3 posts tagged “firstworldproblem”
So, back in December I ordered a stupid jacket from Neighborhoodies, a $70 novelty warmup jacket.
They have totally failed to get this package to me. Our office move partially excuses the first miss (only partially, because somehow all of our Amazon stuff got to us). But after that, I contacted customer service, gave them our new suite number, and per their request, gave them a credit card to charge a $5 redelivery fee to.
Today I got this:
Hi Erika! your package showed up toady somewhere in san francisco. i got a call fro ma nice woman named Brooke at 415 [phone number]. who has it. can you call her maybe to arrange a pickup? that'd probably be fastest.
please let me knwo what you do!
cheers
Michael
founder
neighborhoodies.com
_ _ _ _ _ _ _ _ _ _ _ _
Seriously? They didn't even bother to ask where this "nice woman" was calling from?
I am going to sew on my own damn letters henceforth.
UPDATE: While I was doing usability testing, Mike and Sandy tag-teamed Mr. Michael. By the time I came out my hoodie had arrived.
This is like that thing that happens when multiple asteroid or volcano pictures come out at once. Following the launch of Mie's precious little Tesla, there is now a hot little electric sportscar of the same name
Granted, the first run of car will cost $90,000, and most electricity in America still comes from coal. So, we can't call this a mainstream solution to fossil-fuel dependence. Also, the 7,000 lithium ion-batteries strapped together have the potential to go boom. Better many small ones than a couple of big ones, I guess.
But, unlike the "killed" electric cars past, the Tesla...
is very sexy
goes from 0-60 in 4 seconds
has a range of 250 miles per charge
has its own built-in charging station
and runs at the equivalent of 135 miles per gallon
And the engineers are working on a home solar charging station so owners can go off the grid completely.
This is progress.
Funny note from the Economist article, some of the auto-enthusiasts present at the unveiling missed the throaty roar of an engine and found the completely silent motor disconcerting.
So, one of the Tesla engineers had a genius idea. “We'll program the software to have a variety of engine roars, just like ring tones on mobile phones.”

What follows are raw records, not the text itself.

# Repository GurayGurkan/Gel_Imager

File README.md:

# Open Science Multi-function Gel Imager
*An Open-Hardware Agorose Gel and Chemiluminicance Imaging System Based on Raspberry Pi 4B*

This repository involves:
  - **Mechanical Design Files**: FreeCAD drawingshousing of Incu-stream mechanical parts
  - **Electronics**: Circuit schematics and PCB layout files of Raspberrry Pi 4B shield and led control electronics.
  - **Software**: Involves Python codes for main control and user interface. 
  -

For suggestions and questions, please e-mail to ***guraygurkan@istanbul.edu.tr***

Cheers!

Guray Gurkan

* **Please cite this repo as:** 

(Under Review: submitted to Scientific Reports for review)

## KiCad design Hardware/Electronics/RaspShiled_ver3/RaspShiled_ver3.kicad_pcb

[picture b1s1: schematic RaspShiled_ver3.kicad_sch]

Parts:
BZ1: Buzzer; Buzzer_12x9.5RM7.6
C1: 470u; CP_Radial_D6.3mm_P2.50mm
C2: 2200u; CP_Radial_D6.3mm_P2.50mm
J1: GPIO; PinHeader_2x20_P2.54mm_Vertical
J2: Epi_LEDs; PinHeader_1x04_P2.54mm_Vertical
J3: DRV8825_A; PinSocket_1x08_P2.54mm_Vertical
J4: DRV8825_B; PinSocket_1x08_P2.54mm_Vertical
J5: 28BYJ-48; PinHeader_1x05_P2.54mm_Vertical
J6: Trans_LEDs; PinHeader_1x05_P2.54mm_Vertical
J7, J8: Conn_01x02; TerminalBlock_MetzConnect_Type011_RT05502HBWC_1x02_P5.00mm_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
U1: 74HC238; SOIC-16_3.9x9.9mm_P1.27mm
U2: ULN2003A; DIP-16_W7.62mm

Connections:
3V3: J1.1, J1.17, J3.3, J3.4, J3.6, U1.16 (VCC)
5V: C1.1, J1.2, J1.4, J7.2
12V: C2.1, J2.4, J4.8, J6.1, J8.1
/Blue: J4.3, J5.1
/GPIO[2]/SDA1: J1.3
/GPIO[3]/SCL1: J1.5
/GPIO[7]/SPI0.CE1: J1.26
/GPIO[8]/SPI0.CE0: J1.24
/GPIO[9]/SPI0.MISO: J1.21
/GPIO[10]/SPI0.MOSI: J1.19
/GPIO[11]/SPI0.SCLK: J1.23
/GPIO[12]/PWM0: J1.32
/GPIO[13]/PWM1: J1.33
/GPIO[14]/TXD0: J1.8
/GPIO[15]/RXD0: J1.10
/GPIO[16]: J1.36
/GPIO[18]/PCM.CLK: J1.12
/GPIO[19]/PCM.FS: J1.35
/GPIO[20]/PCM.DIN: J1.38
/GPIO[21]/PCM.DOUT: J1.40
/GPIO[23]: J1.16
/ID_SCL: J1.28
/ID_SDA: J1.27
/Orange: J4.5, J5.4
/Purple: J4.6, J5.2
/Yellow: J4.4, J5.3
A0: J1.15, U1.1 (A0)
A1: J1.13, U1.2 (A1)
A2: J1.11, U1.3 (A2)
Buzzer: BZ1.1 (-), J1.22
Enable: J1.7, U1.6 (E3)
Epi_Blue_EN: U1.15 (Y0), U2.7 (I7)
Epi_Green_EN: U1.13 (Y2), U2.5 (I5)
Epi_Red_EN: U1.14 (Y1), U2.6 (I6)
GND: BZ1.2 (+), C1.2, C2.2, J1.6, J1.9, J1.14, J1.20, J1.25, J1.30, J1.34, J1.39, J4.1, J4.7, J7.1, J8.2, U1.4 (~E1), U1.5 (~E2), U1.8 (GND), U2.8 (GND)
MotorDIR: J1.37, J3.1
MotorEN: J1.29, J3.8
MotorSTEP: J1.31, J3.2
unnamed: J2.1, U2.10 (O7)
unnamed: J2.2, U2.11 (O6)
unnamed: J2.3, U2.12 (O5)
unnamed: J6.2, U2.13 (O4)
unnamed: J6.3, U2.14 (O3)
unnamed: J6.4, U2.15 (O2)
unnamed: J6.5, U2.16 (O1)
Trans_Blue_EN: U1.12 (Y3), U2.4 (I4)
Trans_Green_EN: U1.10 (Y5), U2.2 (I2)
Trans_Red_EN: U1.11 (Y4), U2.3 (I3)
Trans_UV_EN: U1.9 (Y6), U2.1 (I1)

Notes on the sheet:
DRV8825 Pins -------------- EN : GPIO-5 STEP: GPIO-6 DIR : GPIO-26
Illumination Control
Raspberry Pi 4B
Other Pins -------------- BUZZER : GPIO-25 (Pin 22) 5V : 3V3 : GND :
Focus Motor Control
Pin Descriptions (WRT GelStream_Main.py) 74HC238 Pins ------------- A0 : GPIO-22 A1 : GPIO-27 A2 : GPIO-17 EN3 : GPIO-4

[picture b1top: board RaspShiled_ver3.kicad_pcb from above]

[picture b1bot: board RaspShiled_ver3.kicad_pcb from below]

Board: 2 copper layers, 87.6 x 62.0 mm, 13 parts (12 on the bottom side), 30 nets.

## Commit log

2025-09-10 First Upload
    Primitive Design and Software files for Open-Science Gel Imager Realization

Unlike so many righteous greenies, these people know from marketing.
It probably happened when I had to think up a password for my 197th social vertical calendar search app private beta of the year.
Or maybe it was finishing that second mango mojito while someone was singing along off key to Hips Don't Lie.
Or too much Deadwood in my brain, comandeering every available neural pathway for some permutation of limberdicked canned peach cocksucker.
Last week, I forgot my bankcard PIN.
Four digits I've known for 10 years. Gone. Not only is this disconcerting, but also highly inconvenient, what with the local $40 leaving-your-house tax here in SF. I was sure it would come back to me eventually, like one of those words on the tip of your tongue.
But it didn't.
I thought I remembered the digits. There were 8s, and 4s, and maybe 2s. And I think one was repeated, or possibly two pairs. I tried as many different combinations as I felt like risking before the ATM sucked up my card for fraud. I charged as much as I could and borrowed cash here and there.
And finally, today, I gave up and biked as fast as I could uphill into a headwind to get to the credit union before it closed. I ran in at a minute before six and found the polite, tidy, now annoyed, bank manager with the power to run my card through the reassignment machine.
And now I'm all better with a fresh stack of Jacksons to get me through the week.